Do the false position method really need that there exists only one root inside $[a; b]$?

Question

I'm studying the False Position Method for finding zeroes of real functions and in the book I'm reading the author says that it is required that only one root of $f$ is contained inside the initially guessed interval $[a; b]$.

Is this really the case? I'm asking because I couldn't find another book or reference that states the same, proving why the method fails otherwise.

As far as I can see, this shouldn't be a problem, given that, whatever is the number of roots in $[a; b]$, at each iteration this interval shrinks.

Could you please state the reason why this is either true or false?

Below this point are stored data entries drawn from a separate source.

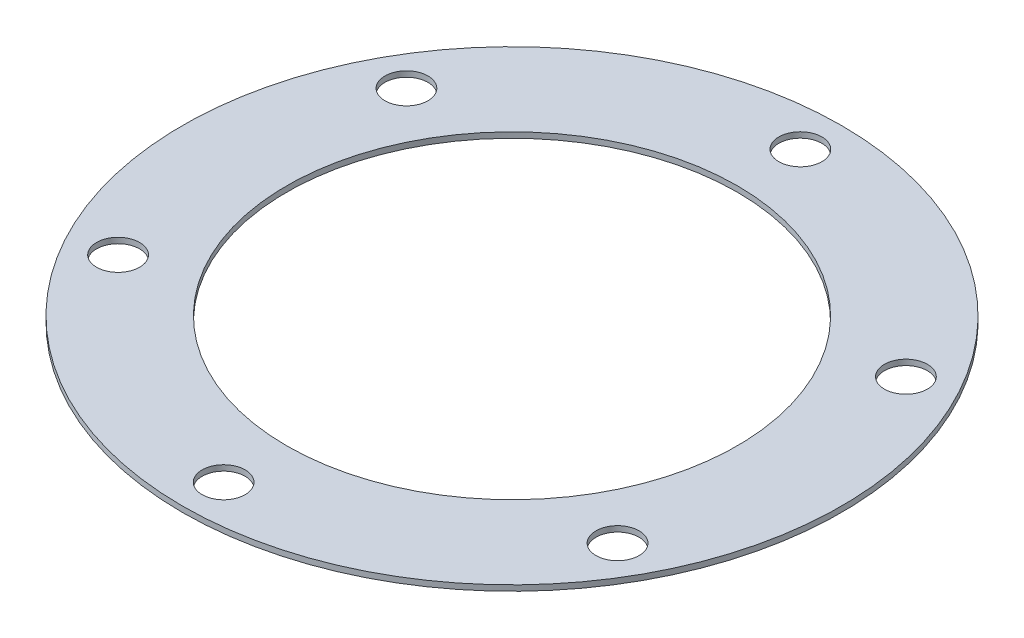
ISO-10303-21;
HEADER;
FILE_DESCRIPTION(('STEP AP214'),'2;1');
FILE_NAME('part.step','',(''),(''),'','','');
FILE_SCHEMA(('AUTOMOTIVE_DESIGN { 1 0 10303 214 1 1 1 1 }'));
ENDSEC;
DATA;
#1=APPLICATION_CONTEXT('core data for automotive mechanical design processes');
#2=APPLICATION_PROTOCOL_DEFINITION('international standard','automotive_design',2000,#1);
#3=PRODUCT_CONTEXT('',#1,'mechanical');
#4=PRODUCT('Part','Part','',(#3));
#5=PRODUCT_RELATED_PRODUCT_CATEGORY('part','',(#4));
#6=PRODUCT_DEFINITION_FORMATION('','',#4);
#7=PRODUCT_DEFINITION_CONTEXT('part definition',#1,'design');
#8=PRODUCT_DEFINITION('design','',#6,#7);
#9=PRODUCT_DEFINITION_SHAPE('','',#8);
#10=(LENGTH_UNIT() NAMED_UNIT(*) SI_UNIT(.MILLI.,.METRE.));
#11=(NAMED_UNIT(*) PLANE_ANGLE_UNIT() SI_UNIT($,.RADIAN.));
#12=(NAMED_UNIT(*) SI_UNIT($,.STERADIAN.) SOLID_ANGLE_UNIT());
#13=UNCERTAINTY_MEASURE_WITH_UNIT(LENGTH_MEASURE(1.E-05),#10,'distance_accuracy_value','');
#14=(GEOMETRIC_REPRESENTATION_CONTEXT(3) GLOBAL_UNCERTAINTY_ASSIGNED_CONTEXT((#13)) GLOBAL_UNIT_ASSIGNED_CONTEXT((#10,
#11,#12)) REPRESENTATION_CONTEXT('',''));
#15=CARTESIAN_POINT('',(0.,0.,0.));
#16=DIRECTION('',(0.,0.,1.));
#17=DIRECTION('',(1.,0.,0.));
#18=AXIS2_PLACEMENT_3D('',#15,#16,#17);
#19=CARTESIAN_POINT('',(0.,0.8636,0.));
#20=DIRECTION('',(0.,-1.,0.));
#21=DIRECTION('',(0.,0.,-1.));
#22=AXIS2_PLACEMENT_3D('',#19,#20,#21);
#23=CYLINDRICAL_SURFACE('',#22,34.7272);
#24=CARTESIAN_POINT('',(0.,0.8636,0.));
#25=DIRECTION('',(0.,1.,0.));
#26=DIRECTION('',(0.,0.,1.));
#27=AXIS2_PLACEMENT_3D('',#24,#25,#26);
#28=CIRCLE('',#27,34.7272);
#29=CARTESIAN_POINT('',(0.,0.8636,34.7272));
#30=VERTEX_POINT('',#29);
#31=EDGE_CURVE('E50',#30,#30,#28,.T.);
#32=ORIENTED_EDGE('',*,*,#31,.T.);
#33=EDGE_LOOP('',(#32));
#34=FACE_BOUND('',#33,.T.);
#35=CARTESIAN_POINT('',(0.,0.,0.));
#36=DIRECTION('',(0.,1.,0.));
#37=DIRECTION('',(0.,0.,1.));
#38=AXIS2_PLACEMENT_3D('',#35,#36,#37);
#39=CIRCLE('',#38,34.7272);
#40=CARTESIAN_POINT('',(0.,0.,34.7272));
#41=VERTEX_POINT('',#40);
#42=EDGE_CURVE('E83',#41,#41,#39,.T.);
#43=ORIENTED_EDGE('',*,*,#42,.F.);
#44=EDGE_LOOP('',(#43));
#45=FACE_BOUND('',#44,.T.);
#46=ADVANCED_FACE('F41',(#34,#45),#23,.F.);
#47=CARTESIAN_POINT('',(0.,0.8636,-44.45));
#48=DIRECTION('',(0.,-1.,0.));
#49=DIRECTION('',(0.,0.,-1.));
#50=AXIS2_PLACEMENT_3D('',#47,#48,#49);
#51=CYLINDRICAL_SURFACE('',#50,3.3147);
#52=CARTESIAN_POINT('',(0.,0.8636,-44.45));
#53=DIRECTION('',(0.,1.,0.));
#54=DIRECTION('',(0.,0.,1.));
#55=AXIS2_PLACEMENT_3D('',#52,#53,#54);
#56=CIRCLE('',#55,3.3147);
#57=CARTESIAN_POINT('',(0.,0.8636,-41.1353));
#58=VERTEX_POINT('',#57);
#59=EDGE_CURVE('E56',#58,#58,#56,.T.);
#60=ORIENTED_EDGE('',*,*,#59,.T.);
#61=EDGE_LOOP('',(#60));
#62=FACE_BOUND('',#61,.T.);
#63=CARTESIAN_POINT('',(0.,0.,-44.45));
#64=DIRECTION('',(0.,1.,0.));
#65=DIRECTION('',(0.,0.,1.));
#66=AXIS2_PLACEMENT_3D('',#63,#64,#65);
#67=CIRCLE('',#66,3.3147);
#68=CARTESIAN_POINT('',(0.,0.,-41.1353));
#69=VERTEX_POINT('',#68);
#70=EDGE_CURVE('E80',#69,#69,#67,.T.);
#71=ORIENTED_EDGE('',*,*,#70,.F.);
#72=EDGE_LOOP('',(#71));
#73=FACE_BOUND('',#72,.T.);
#74=ADVANCED_FACE('F118',(#62,#73),#51,.F.);
#75=CARTESIAN_POINT('',(38.4948291982195,0.8636,-22.2250000000022));
#76=DIRECTION('',(0.,-1.,0.));
#77=DIRECTION('',(0.,0.,-1.));
#78=AXIS2_PLACEMENT_3D('',#75,#76,#77);
#79=CYLINDRICAL_SURFACE('',#78,3.31470000000068);
#80=CARTESIAN_POINT('',(38.4948291982195,0.8636,-22.2250000000022));
#81=DIRECTION('',(0.,1.,0.));
#82=DIRECTION('',(0.,0.,1.));
#83=AXIS2_PLACEMENT_3D('',#80,#81,#82);
#84=CIRCLE('',#83,3.31470000000068);
#85=CARTESIAN_POINT('',(38.4948291982195,0.8636,-18.9103000000015));
#86=VERTEX_POINT('',#85);
#87=EDGE_CURVE('E111',#86,#86,#84,.T.);
#88=ORIENTED_EDGE('',*,*,#87,.T.);
#89=EDGE_LOOP('',(#88));
#90=FACE_BOUND('',#89,.T.);
#91=CARTESIAN_POINT('',(38.4948291982195,0.,-22.2250000000022));
#92=DIRECTION('',(0.,1.,0.));
#93=DIRECTION('',(0.,0.,1.));
#94=AXIS2_PLACEMENT_3D('',#91,#92,#93);
#95=CIRCLE('',#94,3.31470000000068);
#96=CARTESIAN_POINT('',(38.4948291982195,0.,-18.9103000000015));
#97=VERTEX_POINT('',#96);
#98=EDGE_CURVE('E76',#97,#97,#95,.T.);
#99=ORIENTED_EDGE('',*,*,#98,.F.);
#100=EDGE_LOOP('',(#99));
#101=FACE_BOUND('',#100,.T.);
#102=ADVANCED_FACE('F136',(#90,#101),#79,.F.);
#103=CARTESIAN_POINT('',(38.4948291982221,0.8636,22.2249999999978));
#104=DIRECTION('',(0.,-1.,0.));
#105=DIRECTION('',(0.,0.,-1.));
#106=AXIS2_PLACEMENT_3D('',#103,#104,#105);
#107=CYLINDRICAL_SURFACE('',#106,3.31470000000319);
#108=CARTESIAN_POINT('',(38.4948291982221,0.8636,22.2249999999978));
#109=DIRECTION('',(0.,1.,0.));
#110=DIRECTION('',(0.,0.,1.));
#111=AXIS2_PLACEMENT_3D('',#108,#109,#110);
#112=CIRCLE('',#111,3.31470000000319);
#113=CARTESIAN_POINT('',(38.4948291982221,0.8636,25.539700000001));
#114=VERTEX_POINT('',#113);
#115=EDGE_CURVE('E107',#114,#114,#112,.T.);
#116=ORIENTED_EDGE('',*,*,#115,.T.);
#117=EDGE_LOOP('',(#116));
#118=FACE_BOUND('',#117,.T.);
#119=CARTESIAN_POINT('',(38.4948291982221,0.,22.2249999999978));
#120=DIRECTION('',(0.,1.,0.));
#121=DIRECTION('',(0.,0.,1.));
#122=AXIS2_PLACEMENT_3D('',#119,#120,#121);
#123=CIRCLE('',#122,3.31470000000319);
#124=CARTESIAN_POINT('',(38.4948291982221,0.,25.539700000001));
#125=VERTEX_POINT('',#124);
#126=EDGE_CURVE('E72',#125,#125,#123,.T.);
#127=ORIENTED_EDGE('',*,*,#126,.F.);
#128=EDGE_LOOP('',(#127));
#129=FACE_BOUND('',#128,.T.);
#130=ADVANCED_FACE('F143',(#118,#129),#107,.F.);
#131=CARTESIAN_POINT('',(5.0370492716592E-12,0.8636,44.45));
#132=DIRECTION('',(0.,-1.,0.));
#133=DIRECTION('',(0.,0.,-1.));
#134=AXIS2_PLACEMENT_3D('',#131,#132,#133);
#135=CYLINDRICAL_SURFACE('',#134,3.31470000000511);
#136=CARTESIAN_POINT('',(5.0370492716592E-12,0.8636,44.45));
#137=DIRECTION('',(0.,1.,0.));
#138=DIRECTION('',(0.,0.,1.));
#139=AXIS2_PLACEMENT_3D('',#136,#137,#138);
#140=CIRCLE('',#139,3.31470000000511);
#141=CARTESIAN_POINT('',(5.0370492716592E-12,0.8636,47.7647000000051));
#142=VERTEX_POINT('',#141);
#143=EDGE_CURVE('E101',#142,#142,#140,.T.);
#144=ORIENTED_EDGE('',*,*,#143,.T.);
#145=EDGE_LOOP('',(#144));
#146=FACE_BOUND('',#145,.T.);
#147=CARTESIAN_POINT('',(5.0370492716592E-12,0.,44.45));
#148=DIRECTION('',(0.,1.,0.));
#149=DIRECTION('',(0.,0.,1.));
#150=AXIS2_PLACEMENT_3D('',#147,#148,#149);
#151=CIRCLE('',#150,3.31470000000511);
#152=CARTESIAN_POINT('',(5.0370492716592E-12,0.,47.7647000000051));
#153=VERTEX_POINT('',#152);
#154=EDGE_CURVE('E68',#153,#153,#151,.T.);
#155=ORIENTED_EDGE('',*,*,#154,.F.);
#156=EDGE_LOOP('',(#155));
#157=FACE_BOUND('',#156,.T.);
#158=ADVANCED_FACE('F147',(#146,#157),#135,.F.);
#159=CARTESIAN_POINT('',(-38.4948291982145,0.8636,22.2250000000022));
#160=DIRECTION('',(0.,-1.,0.));
#161=DIRECTION('',(0.,0.,-1.));
#162=AXIS2_PLACEMENT_3D('',#159,#160,#161);
#163=CYLINDRICAL_SURFACE('',#162,3.31470000000466);
#164=CARTESIAN_POINT('',(-38.4948291982145,0.8636,22.2250000000022));
#165=DIRECTION('',(0.,1.,0.));
#166=DIRECTION('',(0.,0.,1.));
#167=AXIS2_PLACEMENT_3D('',#164,#165,#166);
#168=CIRCLE('',#167,3.31470000000466);
#169=CARTESIAN_POINT('',(-38.4948291982145,0.8636,25.5397000000069));
#170=VERTEX_POINT('',#169);
#171=EDGE_CURVE('E95',#170,#170,#168,.T.);
#172=ORIENTED_EDGE('',*,*,#171,.T.);
#173=EDGE_LOOP('',(#172));
#174=FACE_BOUND('',#173,.T.);
#175=CARTESIAN_POINT('',(-38.4948291982145,0.,22.2250000000022));
#176=DIRECTION('',(0.,1.,0.));
#177=DIRECTION('',(0.,0.,1.));
#178=AXIS2_PLACEMENT_3D('',#175,#176,#177);
#179=CIRCLE('',#178,3.31470000000466);
#180=CARTESIAN_POINT('',(-38.4948291982145,0.,25.5397000000069));
#181=VERTEX_POINT('',#180);
#182=EDGE_CURVE('E64',#181,#181,#179,.T.);
#183=ORIENTED_EDGE('',*,*,#182,.F.);
#184=EDGE_LOOP('',(#183));
#185=FACE_BOUND('',#184,.T.);
#186=ADVANCED_FACE('F150',(#174,#185),#163,.F.);
#187=CARTESIAN_POINT('',(-38.4948291982171,0.8636,-22.2249999999978));
#188=DIRECTION('',(0.,-1.,0.));
#189=DIRECTION('',(0.,0.,-1.));
#190=AXIS2_PLACEMENT_3D('',#187,#188,#189);
#191=CYLINDRICAL_SURFACE('',#190,3.31470000000237);
#192=CARTESIAN_POINT('',(-38.4948291982171,0.8636,-22.2249999999978));
#193=DIRECTION('',(0.,1.,0.));
#194=DIRECTION('',(0.,0.,1.));
#195=AXIS2_PLACEMENT_3D('',#192,#193,#194);
#196=CIRCLE('',#195,3.31470000000237);
#197=CARTESIAN_POINT('',(-38.4948291982171,0.8636,-18.9102999999954));
#198=VERTEX_POINT('',#197);
#199=EDGE_CURVE('E90',#198,#198,#196,.T.);
#200=ORIENTED_EDGE('',*,*,#199,.T.);
#201=EDGE_LOOP('',(#200));
#202=FACE_BOUND('',#201,.T.);
#203=CARTESIAN_POINT('',(-38.4948291982171,0.,-22.2249999999978));
#204=DIRECTION('',(0.,1.,0.));
#205=DIRECTION('',(0.,0.,1.));
#206=AXIS2_PLACEMENT_3D('',#203,#204,#205);
#207=CIRCLE('',#206,3.31470000000237);
#208=CARTESIAN_POINT('',(-38.4948291982171,0.,-18.9102999999954));
#209=VERTEX_POINT('',#208);
#210=EDGE_CURVE('E60',#209,#209,#207,.T.);
#211=ORIENTED_EDGE('',*,*,#210,.F.);
#212=EDGE_LOOP('',(#211));
#213=FACE_BOUND('',#212,.T.);
#214=ADVANCED_FACE('F43',(#202,#213),#191,.F.);
#215=CARTESIAN_POINT('',(0.,0.8636,0.));
#216=DIRECTION('',(0.,-1.,0.));
#217=DIRECTION('',(0.,0.,-1.));
#218=AXIS2_PLACEMENT_3D('',#215,#216,#217);
#219=CYLINDRICAL_SURFACE('',#218,50.8);
#220=CARTESIAN_POINT('',(0.,0.8636,0.));
#221=DIRECTION('',(0.,1.,0.));
#222=DIRECTION('',(0.,0.,1.));
#223=AXIS2_PLACEMENT_3D('',#220,#221,#222);
#224=CIRCLE('',#223,50.8);
#225=CARTESIAN_POINT('',(0.,0.8636,50.8));
#226=VERTEX_POINT('',#225);
#227=EDGE_CURVE('E10',#226,#226,#224,.T.);
#228=ORIENTED_EDGE('',*,*,#227,.F.);
#229=EDGE_LOOP('',(#228));
#230=FACE_BOUND('',#229,.T.);
#231=CARTESIAN_POINT('',(0.,0.,0.));
#232=DIRECTION('',(0.,1.,0.));
#233=DIRECTION('',(0.,0.,1.));
#234=AXIS2_PLACEMENT_3D('',#231,#232,#233);
#235=CIRCLE('',#234,50.8);
#236=CARTESIAN_POINT('',(0.,0.,50.8));
#237=VERTEX_POINT('',#236);
#238=EDGE_CURVE('E45',#237,#237,#235,.T.);
#239=ORIENTED_EDGE('',*,*,#238,.T.);
#240=EDGE_LOOP('',(#239));
#241=FACE_BOUND('',#240,.T.);
#242=ADVANCED_FACE('F125',(#230,#241),#219,.T.);
#243=CARTESIAN_POINT('',(0.,0.8636,0.));
#244=DIRECTION('',(0.,1.,0.));
#245=DIRECTION('',(0.,0.,1.));
#246=AXIS2_PLACEMENT_3D('',#243,#244,#245);
#247=PLANE('',#246);
#248=ORIENTED_EDGE('',*,*,#199,.F.);
#249=EDGE_LOOP('',(#248));
#250=FACE_BOUND('',#249,.T.);
#251=ORIENTED_EDGE('',*,*,#171,.F.);
#252=EDGE_LOOP('',(#251));
#253=FACE_BOUND('',#252,.T.);
#254=ORIENTED_EDGE('',*,*,#143,.F.);
#255=EDGE_LOOP('',(#254));
#256=FACE_BOUND('',#255,.T.);
#257=ORIENTED_EDGE('',*,*,#115,.F.);
#258=EDGE_LOOP('',(#257));
#259=FACE_BOUND('',#258,.T.);
#260=ORIENTED_EDGE('',*,*,#87,.F.);
#261=EDGE_LOOP('',(#260));
#262=FACE_BOUND('',#261,.T.);
#263=ORIENTED_EDGE('',*,*,#59,.F.);
#264=EDGE_LOOP('',(#263));
#265=FACE_BOUND('',#264,.T.);
#266=ORIENTED_EDGE('',*,*,#31,.F.);
#267=EDGE_LOOP('',(#266));
#268=FACE_BOUND('',#267,.T.);
#269=ORIENTED_EDGE('',*,*,#227,.T.);
#270=EDGE_LOOP('',(#269));
#271=FACE_BOUND('',#270,.T.);
#272=ADVANCED_FACE('F121',(#250,#253,#256,#259,#262,#265,#268,#271),#247,.T.);
#273=CARTESIAN_POINT('',(0.,0.,0.));
#274=DIRECTION('',(0.,1.,0.));
#275=DIRECTION('',(0.,0.,1.));
#276=AXIS2_PLACEMENT_3D('',#273,#274,#275);
#277=PLANE('',#276);
#278=ORIENTED_EDGE('',*,*,#210,.T.);
#279=EDGE_LOOP('',(#278));
#280=FACE_BOUND('',#279,.T.);
#281=ORIENTED_EDGE('',*,*,#182,.T.);
#282=EDGE_LOOP('',(#281));
#283=FACE_BOUND('',#282,.T.);
#284=ORIENTED_EDGE('',*,*,#154,.T.);
#285=EDGE_LOOP('',(#284));
#286=FACE_BOUND('',#285,.T.);
#287=ORIENTED_EDGE('',*,*,#126,.T.);
#288=EDGE_LOOP('',(#287));
#289=FACE_BOUND('',#288,.T.);
#290=ORIENTED_EDGE('',*,*,#98,.T.);
#291=EDGE_LOOP('',(#290));
#292=FACE_BOUND('',#291,.T.);
#293=ORIENTED_EDGE('',*,*,#70,.T.);
#294=EDGE_LOOP('',(#293));
#295=FACE_BOUND('',#294,.T.);
#296=ORIENTED_EDGE('',*,*,#42,.T.);
#297=EDGE_LOOP('',(#296));
#298=FACE_BOUND('',#297,.T.);
#299=ORIENTED_EDGE('',*,*,#238,.F.);
#300=EDGE_LOOP('',(#299));
#301=FACE_BOUND('',#300,.T.);
#302=ADVANCED_FACE('F124',(#280,#283,#286,#289,#292,#295,#298,#301),#277,.F.);
#303=CLOSED_SHELL('',(#46,#74,#102,#130,#158,#186,#214,#242,#272,#302));
#304=MANIFOLD_SOLID_BREP('B2',#303);
#305=ADVANCED_BREP_SHAPE_REPRESENTATION('',(#18,#304),#14);
#306=SHAPE_DEFINITION_REPRESENTATION(#9,#305);
ENDSEC;
END-ISO-10303-21;

OBS: Please, notice that counterexamples for this are functions and intervals that both meet all the criteria required by the method, except for the number of roots inside the interval, and for which the method can't find any of the roots in a finite number of iterations.

Answer 1

One of the criteria requires that you have $f(a) f(b) < 0$.

If we take the function:

$$f(x) = x^2 - \cos^2 x$$

A plot of this function shows two roots as:

Using a different method, there are two roots at $x = \pm 0.73908513321516064166$.

If we use the False Position Method to meet that initial criteria, we could choose:

• $a = -\dfrac{1}{2}, b = \dfrac{3}{2}$, and we converge in on the positive root of $0.739085133215160641$.
• $a = -2, b = 0$, and we converge in on the negative root of $-0.73908513321516064$.

What do you notice about the choice of the interval? For example, can you choose $(a, b) = (-2, 2)$?

Reading what the author is saying means that you choose ranges for a single root at a time as this method can only find one root at a time.

Does this answer your question?

Update

The question is asking if there is more than one root within an interval, will the method still work?

As an example, we will take $f(x) = \cos x$ and use $(a, b) = (\pi/4, (11 \pi)/4)$. A plot of the $f(x)$ over this range shows:

As can clearly be seen in the plot, there are in fact three roots over this range and we $f(a) > 0$, $f(b) < 0$.

When we apply the False Position Method, it does indeed converge (in two steps) to the root $x = 4.71238898038468988$. The reason is that this method is finding find the x-intercept of the straight line connected by two points $((a,f(a), (b, f(b))$. We can depict this graphically as:

In this analysis, you can see the x-intercept is that root found by the algorithm. So, there is no problem in finding a root. The trouble is that unless you do a similar analysis, you would not be sure apriori to which root, unless you do the algorithm. Other methods have similar problems, but they still work as advertised.

I think the author is trying to point out that if you are trying to find a root within an interval and there are multiple roots, you might not get the correct one and you should use whatever is at your disposal to narrow the range down to a single root.

You should also compare and contrast the pros and cons of this method when compared to things like the Secant Method.